RECOGNIZE - you and your spouse have been raised in different households. You both react in few ways - 1) Your own emotional triggers (I do not care if kids eat dessert first - growing up we had to finish our meals and the dessert was sort of a "reward") and 2) What YOU think is important (My DH froths when kids watch TV. He does not care if it is educational or entertainment)

Best of luck.

Do not raise a brat. Learn to say "no" to her now and you will teach her that the world does not revolve around her. She will then grow up to have healthy relationships with her own spouse and children and other people in her life.



This is good advice, but I think OP knows this. The problem seems to be with his wife's enforcement. OP, FWIW, my DH tells me sometimes that I do things like this, that "my word with the kids isn't strong enough," etc. My friends and I all agree that our (slightly older) kids listen more to our husbands than they do to us, and I know this is why.

You are going to have to work this out with your wife. A therapist, minister or parent consultant may be able to help, if that is needed. The bottom line is, she cannot undermine you when you set limits on your DD. If you are enforcing something, she has to back you up -- not give in to the whining and crying as she did in this example. That may be the first step. If you can get her to agree with that, the next step is having her enforce discipline on her own.
l
Anonymous
Anonymous wrote:As stated before, have a convo with DW. As the kid ges older, they will learn to manipulate you two against each other for their own gain. Teenagers are not nice people and they will only drive you two further apart if there are chinks in your armor. Fix them before they become gaping holes.


Oh absolutely. And they are great at identifying rifts or differences in opinion that exists between parents. DH and I are constantly doing grocery runs together, so that we can have private conversations in the car regarding our kids (away from prying ears). Infact that is our code that means that we need to discuss the kids. Every night is a debriefing for the both of us about what is going on with the kids. If one person is the softie (my DH!) and the other is more strict (me) - then also agree that who has the final say (me- because I am privy to the minutia of the DCs lives much more than DH is - I usually know the back story!)

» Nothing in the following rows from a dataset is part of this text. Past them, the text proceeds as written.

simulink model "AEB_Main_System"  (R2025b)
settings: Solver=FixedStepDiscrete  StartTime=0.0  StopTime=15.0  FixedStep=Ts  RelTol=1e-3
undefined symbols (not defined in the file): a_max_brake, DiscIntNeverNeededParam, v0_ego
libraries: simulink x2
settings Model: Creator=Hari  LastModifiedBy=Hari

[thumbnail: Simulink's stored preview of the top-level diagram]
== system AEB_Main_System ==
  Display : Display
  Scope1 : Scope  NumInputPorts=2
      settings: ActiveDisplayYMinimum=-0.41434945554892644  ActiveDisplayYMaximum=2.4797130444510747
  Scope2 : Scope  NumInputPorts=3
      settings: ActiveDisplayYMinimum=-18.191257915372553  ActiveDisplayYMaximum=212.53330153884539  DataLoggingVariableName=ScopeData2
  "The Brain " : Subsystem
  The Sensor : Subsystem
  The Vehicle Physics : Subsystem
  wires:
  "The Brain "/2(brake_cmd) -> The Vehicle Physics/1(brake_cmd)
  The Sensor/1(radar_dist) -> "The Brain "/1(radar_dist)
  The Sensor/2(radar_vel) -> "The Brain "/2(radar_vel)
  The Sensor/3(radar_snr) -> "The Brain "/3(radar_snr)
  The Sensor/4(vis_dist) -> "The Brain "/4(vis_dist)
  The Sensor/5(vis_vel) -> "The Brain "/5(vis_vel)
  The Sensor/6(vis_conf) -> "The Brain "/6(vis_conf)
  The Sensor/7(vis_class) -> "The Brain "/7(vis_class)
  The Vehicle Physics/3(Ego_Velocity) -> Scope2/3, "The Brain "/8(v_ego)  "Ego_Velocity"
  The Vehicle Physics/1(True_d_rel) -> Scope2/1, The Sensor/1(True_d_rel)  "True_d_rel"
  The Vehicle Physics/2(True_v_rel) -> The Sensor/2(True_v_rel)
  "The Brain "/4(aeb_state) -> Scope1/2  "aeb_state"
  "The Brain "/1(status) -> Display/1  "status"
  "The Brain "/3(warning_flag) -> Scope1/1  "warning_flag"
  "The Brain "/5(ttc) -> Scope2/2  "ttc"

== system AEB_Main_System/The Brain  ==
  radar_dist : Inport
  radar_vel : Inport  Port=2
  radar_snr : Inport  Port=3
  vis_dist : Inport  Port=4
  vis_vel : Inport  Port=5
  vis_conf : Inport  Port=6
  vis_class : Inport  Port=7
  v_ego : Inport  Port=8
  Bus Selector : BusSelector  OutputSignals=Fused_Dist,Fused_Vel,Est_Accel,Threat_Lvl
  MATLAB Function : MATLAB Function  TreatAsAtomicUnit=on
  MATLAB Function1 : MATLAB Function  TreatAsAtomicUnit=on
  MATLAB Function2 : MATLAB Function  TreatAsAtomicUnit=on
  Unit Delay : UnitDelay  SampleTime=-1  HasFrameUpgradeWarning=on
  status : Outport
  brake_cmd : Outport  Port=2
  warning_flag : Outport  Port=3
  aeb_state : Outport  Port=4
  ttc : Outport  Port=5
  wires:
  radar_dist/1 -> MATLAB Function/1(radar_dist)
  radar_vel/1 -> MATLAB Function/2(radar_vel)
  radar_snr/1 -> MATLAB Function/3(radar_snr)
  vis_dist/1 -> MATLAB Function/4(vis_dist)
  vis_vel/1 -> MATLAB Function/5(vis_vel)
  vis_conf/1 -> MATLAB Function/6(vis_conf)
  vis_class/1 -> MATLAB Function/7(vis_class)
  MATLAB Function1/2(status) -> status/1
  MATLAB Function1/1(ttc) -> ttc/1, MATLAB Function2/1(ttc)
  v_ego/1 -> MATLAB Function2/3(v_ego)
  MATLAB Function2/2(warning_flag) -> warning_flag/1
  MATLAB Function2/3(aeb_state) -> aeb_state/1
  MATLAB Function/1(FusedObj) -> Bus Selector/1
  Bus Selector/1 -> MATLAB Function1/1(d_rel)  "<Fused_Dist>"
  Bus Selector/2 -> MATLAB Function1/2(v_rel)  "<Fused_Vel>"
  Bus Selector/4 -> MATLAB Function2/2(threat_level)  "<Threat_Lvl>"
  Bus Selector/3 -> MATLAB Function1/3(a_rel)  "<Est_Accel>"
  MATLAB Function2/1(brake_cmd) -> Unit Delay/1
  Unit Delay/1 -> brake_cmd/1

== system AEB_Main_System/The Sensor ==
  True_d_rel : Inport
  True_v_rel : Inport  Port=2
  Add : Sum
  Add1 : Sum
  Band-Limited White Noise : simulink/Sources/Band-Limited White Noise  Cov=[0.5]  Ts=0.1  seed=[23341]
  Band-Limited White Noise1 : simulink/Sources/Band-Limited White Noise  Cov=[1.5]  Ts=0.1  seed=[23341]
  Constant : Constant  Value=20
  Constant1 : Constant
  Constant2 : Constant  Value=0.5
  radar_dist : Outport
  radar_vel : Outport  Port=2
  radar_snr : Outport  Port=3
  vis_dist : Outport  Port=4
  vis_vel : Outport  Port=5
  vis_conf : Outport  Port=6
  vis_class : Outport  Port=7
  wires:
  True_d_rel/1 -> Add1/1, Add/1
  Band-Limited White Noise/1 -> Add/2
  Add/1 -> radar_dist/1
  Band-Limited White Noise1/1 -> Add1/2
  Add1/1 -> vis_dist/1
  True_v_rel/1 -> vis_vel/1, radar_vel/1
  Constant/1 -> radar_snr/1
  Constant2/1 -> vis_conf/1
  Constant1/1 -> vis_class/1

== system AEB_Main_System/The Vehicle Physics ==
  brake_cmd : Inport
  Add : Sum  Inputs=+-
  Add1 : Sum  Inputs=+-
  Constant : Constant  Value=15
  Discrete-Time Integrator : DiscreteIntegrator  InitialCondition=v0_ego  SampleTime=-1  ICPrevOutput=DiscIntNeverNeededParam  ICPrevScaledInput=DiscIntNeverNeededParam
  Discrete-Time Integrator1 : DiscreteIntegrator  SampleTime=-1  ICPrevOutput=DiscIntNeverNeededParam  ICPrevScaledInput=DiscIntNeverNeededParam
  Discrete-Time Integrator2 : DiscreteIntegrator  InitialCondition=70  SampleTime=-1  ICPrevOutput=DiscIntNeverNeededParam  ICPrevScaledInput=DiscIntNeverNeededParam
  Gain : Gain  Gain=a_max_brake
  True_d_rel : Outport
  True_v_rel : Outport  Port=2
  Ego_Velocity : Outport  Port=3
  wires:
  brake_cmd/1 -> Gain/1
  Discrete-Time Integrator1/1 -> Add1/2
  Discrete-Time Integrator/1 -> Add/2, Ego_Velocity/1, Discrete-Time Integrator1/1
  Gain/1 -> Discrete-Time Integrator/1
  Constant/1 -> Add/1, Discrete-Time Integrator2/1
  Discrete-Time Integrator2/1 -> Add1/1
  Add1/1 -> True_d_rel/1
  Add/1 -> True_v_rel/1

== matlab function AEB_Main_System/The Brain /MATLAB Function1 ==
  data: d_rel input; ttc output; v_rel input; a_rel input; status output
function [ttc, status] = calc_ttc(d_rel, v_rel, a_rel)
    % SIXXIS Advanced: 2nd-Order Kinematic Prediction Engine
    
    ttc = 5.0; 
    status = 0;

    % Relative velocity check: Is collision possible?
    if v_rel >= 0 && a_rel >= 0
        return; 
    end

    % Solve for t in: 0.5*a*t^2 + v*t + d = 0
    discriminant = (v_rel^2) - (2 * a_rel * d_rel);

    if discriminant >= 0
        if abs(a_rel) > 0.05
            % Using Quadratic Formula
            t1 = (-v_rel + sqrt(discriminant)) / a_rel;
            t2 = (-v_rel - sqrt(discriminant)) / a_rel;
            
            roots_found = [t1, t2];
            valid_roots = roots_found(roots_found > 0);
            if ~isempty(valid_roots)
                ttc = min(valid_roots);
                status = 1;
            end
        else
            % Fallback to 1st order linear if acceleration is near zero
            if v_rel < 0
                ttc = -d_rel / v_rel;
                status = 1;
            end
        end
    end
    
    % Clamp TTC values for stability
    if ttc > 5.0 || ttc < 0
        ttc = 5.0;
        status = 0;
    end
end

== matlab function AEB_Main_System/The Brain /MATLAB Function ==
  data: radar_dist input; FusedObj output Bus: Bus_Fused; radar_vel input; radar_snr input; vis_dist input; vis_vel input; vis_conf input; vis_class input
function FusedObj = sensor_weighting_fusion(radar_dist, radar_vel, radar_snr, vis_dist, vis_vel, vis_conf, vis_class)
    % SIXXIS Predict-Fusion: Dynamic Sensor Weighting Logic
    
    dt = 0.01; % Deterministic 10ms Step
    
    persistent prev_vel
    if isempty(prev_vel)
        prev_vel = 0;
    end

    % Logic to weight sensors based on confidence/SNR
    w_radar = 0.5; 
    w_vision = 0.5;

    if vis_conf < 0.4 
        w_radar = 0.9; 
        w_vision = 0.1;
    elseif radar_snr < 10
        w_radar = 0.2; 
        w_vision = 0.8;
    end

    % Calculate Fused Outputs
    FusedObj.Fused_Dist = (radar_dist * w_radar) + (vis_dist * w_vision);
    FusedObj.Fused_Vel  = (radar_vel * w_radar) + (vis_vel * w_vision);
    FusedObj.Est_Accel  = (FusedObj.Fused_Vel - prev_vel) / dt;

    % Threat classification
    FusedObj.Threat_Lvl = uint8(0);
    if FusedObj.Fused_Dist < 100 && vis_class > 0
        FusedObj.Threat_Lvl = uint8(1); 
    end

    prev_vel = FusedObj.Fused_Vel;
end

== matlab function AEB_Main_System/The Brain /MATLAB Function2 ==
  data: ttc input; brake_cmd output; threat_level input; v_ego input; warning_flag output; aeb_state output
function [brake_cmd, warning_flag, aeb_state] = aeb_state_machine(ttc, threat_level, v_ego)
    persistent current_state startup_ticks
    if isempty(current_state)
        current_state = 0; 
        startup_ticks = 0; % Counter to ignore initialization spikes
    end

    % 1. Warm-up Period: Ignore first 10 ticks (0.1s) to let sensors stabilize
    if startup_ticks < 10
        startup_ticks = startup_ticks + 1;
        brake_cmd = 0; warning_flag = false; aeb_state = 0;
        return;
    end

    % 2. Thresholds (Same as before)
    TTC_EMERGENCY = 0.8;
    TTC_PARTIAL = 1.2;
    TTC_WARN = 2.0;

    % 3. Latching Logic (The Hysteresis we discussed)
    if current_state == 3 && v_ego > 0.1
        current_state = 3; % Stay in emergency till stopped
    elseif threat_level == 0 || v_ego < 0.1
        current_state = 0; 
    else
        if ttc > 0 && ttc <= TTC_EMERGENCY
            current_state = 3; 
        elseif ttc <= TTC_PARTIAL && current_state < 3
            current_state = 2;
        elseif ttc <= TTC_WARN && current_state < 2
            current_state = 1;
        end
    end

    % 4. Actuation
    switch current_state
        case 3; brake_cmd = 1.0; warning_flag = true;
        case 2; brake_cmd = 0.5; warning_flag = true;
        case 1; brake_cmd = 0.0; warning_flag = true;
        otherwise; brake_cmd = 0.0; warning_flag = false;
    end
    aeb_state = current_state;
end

In the end - parents who are united and have set the boundaries are essential for the emotional health and growth of the kids. You owe it to your kids to raise them to have EQ and boundaries and you owe it to yourself to have a strong marriage via a strong parenting partnership.

Anonymous
I have a similar problem - my husband makes ridiculous, out of proportion and completely idle threats. Never follows through on anything. Also drives me insane.
Anonymous
I don't get it. OP, why didn't you get up and put the toy/bag out of reach. Wife agreed that it will go up. You two were on the same page. Daughter grabs the bag, you get up, take the bag and say, mommy and daddy said no, then place the bag somewhere. Wife probably said fuck it because your ass is all talk but no action.

It would also help if you say how old the child is
Anonymous
OP, are you a man or woman?
Anonymous
Anonymous wrote:OP, are you a man or woman?


Please. Do you really have to ask?
Anonymous
Anonymous wrote:
Anonymous wrote:OP, are you a man or woman?


Please. Do you really have to ask?


OP has a wife so, yes, OP is a man or a woman.
Anonymous
Anonymous wrote:Why not just swat the kid?


Because obviously OP agrees with many of us that physical violence should be avoided.
Anonymous
Anonymous wrote:
Anonymous wrote:
Anonymous wrote:OP, are you a man or woman?


Please. Do you really have to ask?


OP has a wife so, yes, OP is a man or a woman.


Thank you, Miss PC. OP also specifically uses the term "mommy" in the post. Do you find that vague/ offensive as well?